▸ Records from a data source

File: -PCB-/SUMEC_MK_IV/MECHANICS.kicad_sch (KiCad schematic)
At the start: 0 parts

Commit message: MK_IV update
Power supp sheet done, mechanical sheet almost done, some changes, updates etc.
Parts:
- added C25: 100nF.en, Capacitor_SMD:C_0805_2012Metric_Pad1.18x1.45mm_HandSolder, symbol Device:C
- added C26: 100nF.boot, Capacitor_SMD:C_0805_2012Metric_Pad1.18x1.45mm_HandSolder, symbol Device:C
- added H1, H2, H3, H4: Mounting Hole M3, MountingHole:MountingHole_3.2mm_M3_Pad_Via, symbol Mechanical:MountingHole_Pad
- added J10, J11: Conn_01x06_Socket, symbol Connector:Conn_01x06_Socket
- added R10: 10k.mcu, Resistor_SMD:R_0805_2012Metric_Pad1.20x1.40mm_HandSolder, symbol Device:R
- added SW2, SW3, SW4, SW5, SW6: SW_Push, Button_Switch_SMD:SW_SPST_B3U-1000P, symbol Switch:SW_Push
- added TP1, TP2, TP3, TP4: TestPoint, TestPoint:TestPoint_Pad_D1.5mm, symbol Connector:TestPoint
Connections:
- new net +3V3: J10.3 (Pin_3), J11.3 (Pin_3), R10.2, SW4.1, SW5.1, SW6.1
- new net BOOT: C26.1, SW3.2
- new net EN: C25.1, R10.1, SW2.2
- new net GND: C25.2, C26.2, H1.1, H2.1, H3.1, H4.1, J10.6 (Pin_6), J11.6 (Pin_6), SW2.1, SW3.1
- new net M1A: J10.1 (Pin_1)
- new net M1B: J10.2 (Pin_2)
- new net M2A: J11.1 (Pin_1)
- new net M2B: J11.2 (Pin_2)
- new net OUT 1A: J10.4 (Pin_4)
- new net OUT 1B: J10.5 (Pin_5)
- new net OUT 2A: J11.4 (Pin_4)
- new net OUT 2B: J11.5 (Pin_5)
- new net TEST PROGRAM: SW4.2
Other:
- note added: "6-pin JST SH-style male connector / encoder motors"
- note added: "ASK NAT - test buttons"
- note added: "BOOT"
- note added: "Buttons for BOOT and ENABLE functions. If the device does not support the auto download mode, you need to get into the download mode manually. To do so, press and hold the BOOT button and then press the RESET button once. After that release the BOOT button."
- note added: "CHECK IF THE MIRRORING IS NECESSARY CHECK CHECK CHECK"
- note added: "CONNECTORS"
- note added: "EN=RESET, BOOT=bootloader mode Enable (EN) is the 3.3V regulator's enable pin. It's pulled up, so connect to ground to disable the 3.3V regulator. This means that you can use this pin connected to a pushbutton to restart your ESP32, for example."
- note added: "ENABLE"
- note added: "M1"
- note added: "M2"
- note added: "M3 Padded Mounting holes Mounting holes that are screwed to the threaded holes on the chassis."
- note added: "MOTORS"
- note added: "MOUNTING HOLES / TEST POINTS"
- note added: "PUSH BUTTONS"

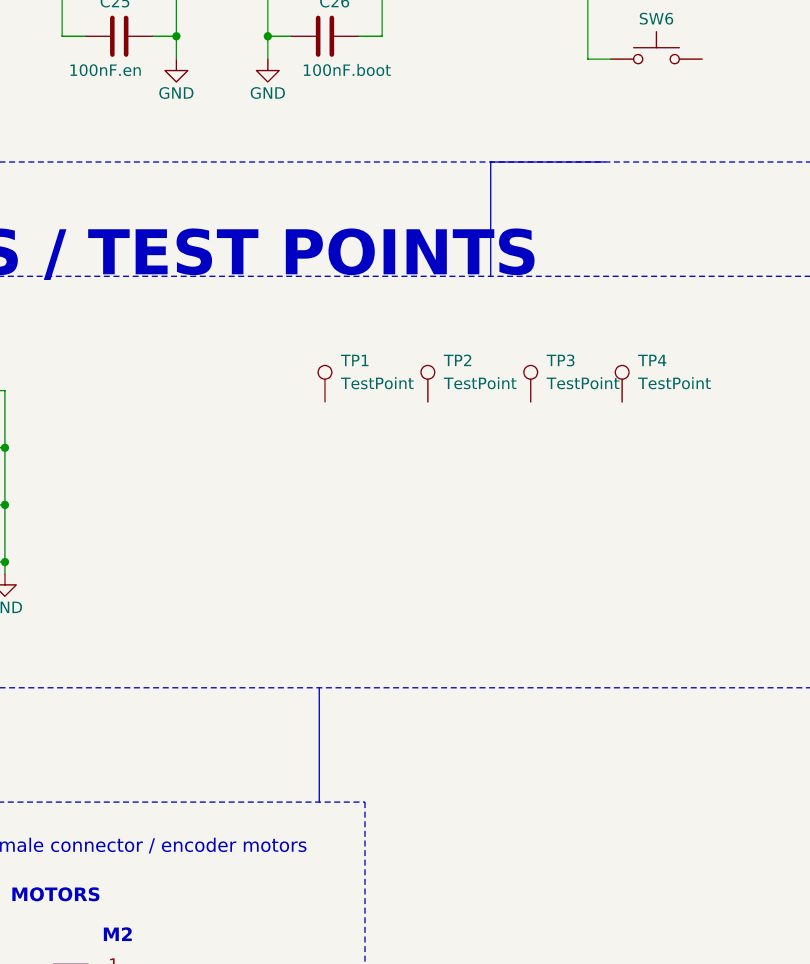
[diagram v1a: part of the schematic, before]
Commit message: MK4 schematic update
Almost done. Did some work on motor drivers, should be final now. Sensors sheet is almost done - object detecting missing. MCU sheet - missing. but yeah. almost done.
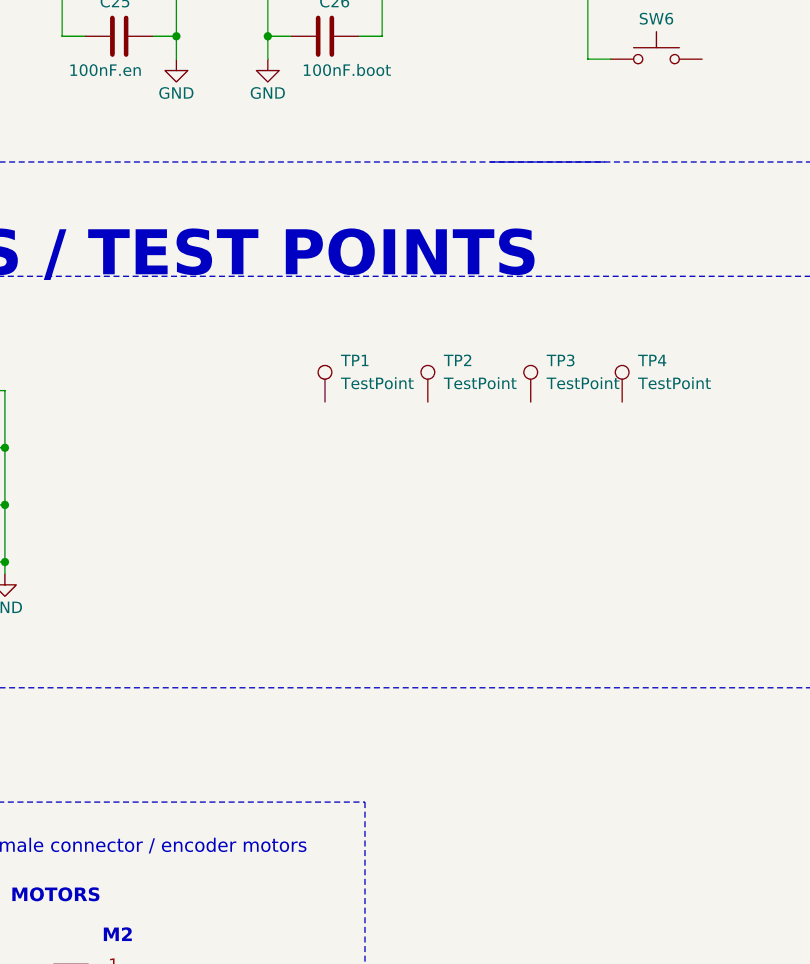
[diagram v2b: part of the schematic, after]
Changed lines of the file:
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@@
 		(color 0 0 0 0)
 	)
+	(wire
+		(pts
+			(xy 144.78 50.8) (xy 149.86 50.8)
+		)
+		(stroke
+			(width 0)
+			(type default)
+		)
+	)
+	(wire
+		(pts
+			(xy 102.87 116.84) (xy 102.87 115.57)
+		)
+		(stroke
+			(width 0)
+			(type default)
+		)
+	)
+	(wire
+		(pts
+			(xy 102.87 96.52) (xy 102.87 102.87)
+		)
+		(stroke
+			(width 0)
+			(type default)
+		)
+	)
+	(wire
+		(pts
+			(xy 88.9 109.22) (xy 102.87 109.22)
+		)
+		(stroke
+			(width 0)
+			(type default)
+		)
+	)
+	(wire
+		(pts
+			(xy 121.92 50.8) (xy 121.92 57.15)
+		)
+		(stroke
+			(width 0)
+			(type default)
+		)
+	)
+	(wire
+		(pts
+			(xy 109.22 46.99) (xy 109.22 50.8)
+		)
+		(stroke
+			(width 0)
+			(type default)
+		)
+	)
+	(wire
+		(pts
+			(xy 102.87 50.8) (xy 109.22 50.8)
+		)
+		(stroke
+			(width 0)
+			(type default)
+		)
+	)
+	(wire
+		(pts
+			(xy 167.64 52.07) (xy 170.18 52.07)
+		)
+		(stroke
+			(width 0)
+			(type default)
+		)
+	)
+	(wire
+		(pts
+			(xy 132.08 59.69) (xy 132.08 57.15)
+		)
+		(stroke
+			(width 0)
+			(type default)
+		)
+	)
+	(wire
+		(pts
+			(xy 121.92 59.69) (xy 121.92 57.15)
+		)
+		(stroke
+			(width 0)
+			(type default)
+		)
+	)
+	(wire
+		(pts
+			(xy 144.78 50.8) (xy 144.78 57.15)
+		)
+		(stroke
+			(width 0)
+			(type default)
+		)
+	)
+	(wire
+		(pts
+			(xy 166.37 44.45) (xy 167.64 44.45)
+		)
+		(stroke
+			(width 0)
+			(type default)
+		)
+	)
+	(wire
+		(pts
+			(xy 170.18 59.69) (xy 167.64 59.69)
+		)
+		(stroke
+			(width 0)
+			(type default)
+		)
+	)
+	(wire
+		(pts
+			(xy 88.9 96.52) (xy 102.87 96.52)
+		)
+		(stroke
+			(width 0)
+			(type default)
+		)
+	)
+	(wire
+		(pts
+			(xy 102.87 109.22) (xy 102.87 115.57)
+		)
+		(stroke
+			(width 0)
+			(type default)
+		)
+	)
+	(wire
+		(pts
+			(xy 110.49 173.99) (xy 113.03 173.99)
+		)
+		(stroke
+			(width 0)
+			(type default)
+		)
+	)
+	(wire
+		(pts
+			(xy 121.92 57.15) (xy 119.38 57.15)
+		)
+		(stroke
+			(width 0)
+			(type default)
+		)
+	)
+	(wire
+		(pts
+			(xy 167.64 44.45) (xy 167.64 52.07)
+		)
+		(stroke
+			(width 0)
+			(type default)
+		)
+	)
+	(wire
+		(pts
+			(xy 102.87 102.87) (xy 102.87 109.22)
+		)
+		(stroke
+			(width 0)
+			(type default)
+		)
+	)
+	(wire
+		(pts
+			(xy 109.22 39.37) (xy 109.22 38.1)
+		)
+		(stroke
+			(width 0)
+			(type default)
+		)
+	)
+	(wire
+		(pts
+			(xy 142.24 57.15) (xy 144.78 57.15)
+		)
+		(stroke
+			(width 0)
+			(type default)
+		)
+	)
+	(wire
+		(pts
+			(xy 132.08 50.8) (xy 132.08 57.15)
+		)
+		(stroke
+			(width 0)
+			(type default)
+		)
+	)
 	(polyline
 		(pts
-			(xy 156.845 71.12) (xy 156.845 83.82)
-		)
-		(stroke
-			(width 0)
-			(type default)
-		)
-	)
-	(wire
-		(pts
-			(xy 144.78 50.8) (xy 149.86 50.8)
-		)
-		(stroke
-			(width 0)
-			(type default)
-		)
-	)
-	(wire
-		(pts
-			(xy 102.87 116.84) (xy 102.87 115.57)
-		)
-		(stroke
-			(width 0)
-			(type default)
-		)
-	)
-	(wire
-		(pts
-			(xy 102.87 96.52) (xy 102.87 102.87)
-		)
-		(stroke
-			(width 0)
-			(type default)
-		)
-	)
-	(wire
-		(pts
-			(xy 88.9 109.22) (xy 102.87 109.22)
-		)
-		(stroke
-			(width 0)
-			(type default)
-		)
-	)
-	(wire
-		(pts
-			(xy 121.92 50.8) (xy 121.92 57.15)
-		)
-		(stroke
-			(width 0)
-			(type default)
-		)
-	)
-	(wire
-		(pts
-			(xy 109.22 46.99) (xy 109.22 50.8)
-		)
-		(stroke
-			(width 0)
-			(type default)
-		)
-	)
-	(wire
-		(pts
-			(xy 102.87 50.8) (xy 109.22 50.8)
-		)
-		(stroke
-			(width 0)
-			(type default)
-		)
-	)
-	(wire
-		(pts
-			(xy 167.64 52.07) (xy 170.18 52.07)
-		)
-		(stroke
-			(width 0)
-			(type default)
-		)
-	)
-	(wire
-		(pts
-			(xy 132.08 59.69) (xy 132.08 57.15)
-		)
-		(stroke
-			(width 0)
-			(type default)
-		)
-	)
-	(wire
-		(pts
-			(xy 121.92 59.69) (xy 121.92 57.15)
-		)
-		(stroke
-			(width 0)
-			(type default)
-		)
-	)
-	(wire
-		(pts
-			(xy 144.78 50.8) (xy 144.78 57.15)
-		)
-		(stroke
-			(width 0)
-			(type default)
-		)
-	)
-	(wire
-		(pts
-			(xy 166.37 44.45) (xy 167.64 44.45)
-		)
-		(stroke
-			(width 0)
-			(type default)
-		)
-	)
-	(wire
-		(pts
-			(xy 170.18 59.69) (xy 167.64 59.69)
-		)
-		(stroke
-			(width 0)
-			(type default)
-		)
-	)
-	(wire
-		(pts
-			(xy 88.9 96.52) (xy 102.87 96.52)
-		)
-		(stroke
-			(width 0)
-			(type default)
-		)
-	)
-	(wire
-		(pts
-			(xy 102.87 109.22) (xy 102.87 115.57)
-		)
-		(stroke
-			(width 0)
-			(type default)
-		)
-	)
-	(wire
-		(pts
-			(xy 110.49 173.99) (xy 113.03 173.99)
-		)
-		(stroke
-			(width 0)
-			(type default)
-		)
-	)
-	(wire
-		(pts
-			(xy 121.92 57.15) (xy 119.38 57.15)
-		)
-		(stroke
-			(width 0)
-			(type default)
-		)
-	)
-	(wire
-		(pts
-			(xy 167.64 44.45) (xy 167.64 52.07)
-		)
-		(stroke
-			(width 0)
-			(type default)
-		)
-	)
-	(wire
-		(pts
-			(xy 102.87 102.87) (xy 102.87 109.22)
-		)
-		(stroke
-			(width 0)
-			(type default)
-		)
-	)
-	(wire
-		(pts
-			(xy 109.22 39.37) (xy 109.22 38.1)
-		)
-		(stroke
-			(width 0)
-			(type default)
-		)
-	)
-	(wire
-		(pts
-			(xy 142.24 57.15) (xy 144.78 57.15)
-		)
-		(stroke
-			(width 0)
-			(type default)
-		)
-	)
-	(wire
-		(pts
-			(xy 132.08 50.8) (xy 132.08 57.15)
-		)
-		(stroke
-			(width 0)
-			(type default)
-		)
-	)
-	(polyline
-		(pts
 			(xy 156.845 71.12) (xy 169.545 71.12)
 		)
 		(stroke
-			(width 0)
-			(type default)
-		)
-	)
-	(polyline
-		(pts
-			(xy 137.795 129.54) (xy 137.795 142.24)
-		)
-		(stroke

▸ Your instructions
Retrieve all lines from the data that contain the string "diagram".

▸ Response
[diagram v1a: part of the schematic, before]
[diagram v2b: part of the schematic, after]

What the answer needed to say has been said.